We have already had one extreme example: just one other strong pair, no other pair will ever qualify. The probability we look for is 40%.
The other extreme is: if the boards are flat/reward superior play, then the three top pairs will qualify. If the boards are wild/have all bad slams making/good slams going down, then none of the top 3 pairs will qualify.
That would make the probability 80%. The actually probability will be between 40% and 80%.

Now you make me look like an idiot but maybe that was what you meant

Seriously, I like your explanation better than mine. In particular, what I said about the dark horse is misleading because it would take the appearance of two or three dark horses simultaneously to create positive correlation between the seeded pairs' qualifying probabilities. So your example with the evil boards is better.

[helene_t]

I just simulated the experiment 100000 times, assuming each of the five teams has a performance that is N(mu,1) where mu=0 for the seeded teams and some handicap for the nonseeded teams which apparently has to be -1.233935 to give the seeded teams a 80% chance of qualifying. It happened 44372 times that all the seeded teams qualified. So this is consistent with Csaba's results.

Edit: with six teams the handicap is -1.39945 and all seeded teams qualified 46831 times.
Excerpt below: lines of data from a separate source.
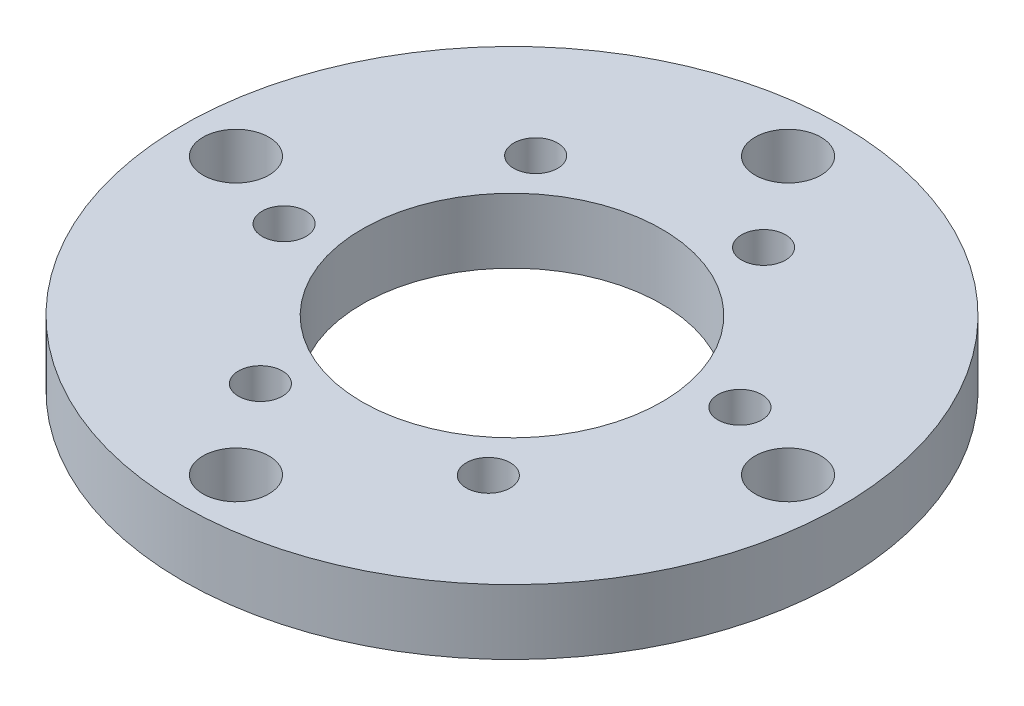
ISO-10303-21;
HEADER;
FILE_DESCRIPTION(('STEP AP214'),'2;1');
FILE_NAME('part.step','',(''),(''),'','','');
FILE_SCHEMA(('AUTOMOTIVE_DESIGN { 1 0 10303 214 1 1 1 1 }'));
ENDSEC;
DATA;
#1=APPLICATION_CONTEXT('core data for automotive mechanical design processes');
#2=APPLICATION_PROTOCOL_DEFINITION('international standard','automotive_design',2000,#1);
#3=PRODUCT_CONTEXT('',#1,'mechanical');
#4=PRODUCT('Part','Part','',(#3));
#5=PRODUCT_RELATED_PRODUCT_CATEGORY('part','',(#4));
#6=PRODUCT_DEFINITION_FORMATION('','',#4);
#7=PRODUCT_DEFINITION_CONTEXT('part definition',#1,'design');
#8=PRODUCT_DEFINITION('design','',#6,#7);
#9=PRODUCT_DEFINITION_SHAPE('','',#8);
#10=(LENGTH_UNIT() NAMED_UNIT(*) SI_UNIT(.MILLI.,.METRE.));
#11=(NAMED_UNIT(*) PLANE_ANGLE_UNIT() SI_UNIT($,.RADIAN.));
#12=(NAMED_UNIT(*) SI_UNIT($,.STERADIAN.) SOLID_ANGLE_UNIT());
#13=UNCERTAINTY_MEASURE_WITH_UNIT(LENGTH_MEASURE(1.E-05),#10,'distance_accuracy_value','');
#14=(GEOMETRIC_REPRESENTATION_CONTEXT(3) GLOBAL_UNCERTAINTY_ASSIGNED_CONTEXT((#13)) GLOBAL_UNIT_ASSIGNED_CONTEXT((#10,
#11,#12)) REPRESENTATION_CONTEXT('',''));
#15=CARTESIAN_POINT('',(0.,0.,0.));
#16=DIRECTION('',(0.,0.,1.));
#17=DIRECTION('',(1.,0.,0.));
#18=AXIS2_PLACEMENT_3D('',#15,#16,#17);
#19=CARTESIAN_POINT('',(0.,0.,0.));
#20=DIRECTION('',(0.,1.,0.));
#21=DIRECTION('',(0.,0.,1.));
#22=AXIS2_PLACEMENT_3D('',#19,#20,#21);
#23=PLANE('',#22);
#24=CARTESIAN_POINT('',(44.45,0.,44.45));
#25=DIRECTION('',(0.,1.,0.));
#26=DIRECTION('',(0.,0.,1.));
#27=AXIS2_PLACEMENT_3D('',#24,#25,#26);
#28=CIRCLE('',#27,19.05);
#29=CARTESIAN_POINT('',(44.45,0.,63.5));
#30=VERTEX_POINT('',#29);
#31=EDGE_CURVE('E109',#30,#30,#28,.T.);
#32=ORIENTED_EDGE('',*,*,#31,.F.);
#33=EDGE_LOOP('',(#32));
#34=FACE_BOUND('',#33,.T.);
#35=CARTESIAN_POINT('',(60.547211679067,0.,63.5588115116649));
#36=DIRECTION('',(0.,1.,0.));
#37=DIRECTION('',(0.86602540378444,0.,0.499999999999998));
#38=AXIS2_PLACEMENT_3D('',#35,#36,#37);
#39=CIRCLE('',#38,2.794);
#40=CARTESIAN_POINT('',(62.9668866572407,0.,64.9558115116649));
#41=VERTEX_POINT('',#40);
#42=EDGE_CURVE('E104',#41,#41,#39,.T.);
#43=ORIENTED_EDGE('',*,*,#42,.F.);
#44=EDGE_LOOP('',(#43));
#45=FACE_BOUND('',#44,.T.);
#46=CARTESIAN_POINT('',(69.0473220447638,0.,40.0638115116648));
#47=DIRECTION('',(0.,1.,0.));
#48=DIRECTION('',(0.866025403784436,0.,-0.500000000000004));
#49=AXIS2_PLACEMENT_3D('',#46,#47,#48);
#50=CIRCLE('',#49,2.794);
#51=CARTESIAN_POINT('',(71.4669970229375,0.,38.6668115116648));
#52=VERTEX_POINT('',#51);
#53=EDGE_CURVE('E98',#52,#52,#50,.T.);
#54=ORIENTED_EDGE('',*,*,#53,.F.);
#55=EDGE_LOOP('',(#54));
#56=FACE_BOUND('',#55,.T.);
#57=CARTESIAN_POINT('',(52.9501103656969,0.,20.955));
#58=DIRECTION('',(0.,1.,0.));
#59=DIRECTION('',(0.,0.,-1.));
#60=AXIS2_PLACEMENT_3D('',#57,#58,#59);
#61=CIRCLE('',#60,2.794);
#62=CARTESIAN_POINT('',(52.9501103656969,0.,18.161));
#63=VERTEX_POINT('',#62);
#64=EDGE_CURVE('E92',#63,#63,#61,.T.);
#65=ORIENTED_EDGE('',*,*,#64,.F.);
#66=EDGE_LOOP('',(#65));
#67=FACE_BOUND('',#66,.T.);
#68=CARTESIAN_POINT('',(28.3527883209329,0.,25.3411884883352));
#69=DIRECTION('',(0.,1.,0.));
#70=DIRECTION('',(-0.866025403784443,0.,-0.499999999999992));
#71=AXIS2_PLACEMENT_3D('',#68,#69,#70);
#72=CIRCLE('',#71,2.794);
#73=CARTESIAN_POINT('',(25.9331133427592,0.,23.9441884883352));
#74=VERTEX_POINT('',#73);
#75=EDGE_CURVE('E86',#74,#74,#72,.T.);
#76=ORIENTED_EDGE('',*,*,#75,.F.);
#77=EDGE_LOOP('',(#76));
#78=FACE_BOUND('',#77,.T.);
#79=CARTESIAN_POINT('',(19.8526779552362,0.,48.8361884883353));
#80=DIRECTION('',(0.,1.,0.));
#81=DIRECTION('',(-0.866025403784433,0.,0.50000000000001));
#82=AXIS2_PLACEMENT_3D('',#79,#80,#81);
#83=CIRCLE('',#82,2.794);
#84=CARTESIAN_POINT('',(17.4330029770625,0.,50.2331884883354));
#85=VERTEX_POINT('',#84);
#86=EDGE_CURVE('E79',#85,#85,#83,.T.);
#87=ORIENTED_EDGE('',*,*,#86,.F.);
#88=EDGE_LOOP('',(#87));
#89=FACE_BOUND('',#88,.T.);
#90=CARTESIAN_POINT('',(35.9498896343031,0.,67.945));
#91=DIRECTION('',(0.,1.,0.));
#92=DIRECTION('',(0.,0.,1.));
#93=AXIS2_PLACEMENT_3D('',#90,#91,#92);
#94=CIRCLE('',#93,2.794);
#95=CARTESIAN_POINT('',(35.9498896343031,0.,70.739));
#96=VERTEX_POINT('',#95);
#97=EDGE_CURVE('E73',#96,#96,#94,.T.);
#98=ORIENTED_EDGE('',*,*,#97,.F.);
#99=EDGE_LOOP('',(#98));
#100=FACE_BOUND('',#99,.T.);
#101=CARTESIAN_POINT('',(79.5528,0.,44.4499999999999));
#102=DIRECTION('',(0.,1.,0.));
#103=DIRECTION('',(1.,0.,0.));
#104=AXIS2_PLACEMENT_3D('',#101,#102,#103);
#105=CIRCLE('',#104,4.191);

This post has been edited by helene_t: 2013-December-26, 09:58

[gwnn]

I applied my two-state model to a bunch of pair numbers, assuming b=0 and finding a for each case.

pairs	a (%)	prob. 3 qualify (%)
4	38.93	40.00
5	63.98	45.55
6	69.88	47.19
7	72.59	48.07
8	74.15	48.61
9	75.16	48.99
10	75.88	49.28
11	76.41	49.49
12	76.81	49.65
13	77.14	49.80
14	77.4	49.91
15	77.62	50.01
20	78.33	50.34
25	78.71	50.52
30	78.95	50.64
35	79.12	50.74
40	79.23	50.78
45	79.33	50.84
50	79.4	50.88
60	79.5	50.92
70	79.58	50.97
80	79.63	50.99
90	79.67	51.01
100	79.71	51.04
(inf)   80.00   51.20

The plot is a bit boring. Anyway, this model slightly overestimates the probability for small numbers as per helene_t's more accurate numbers, but they would also converge to 80% and 51.2%.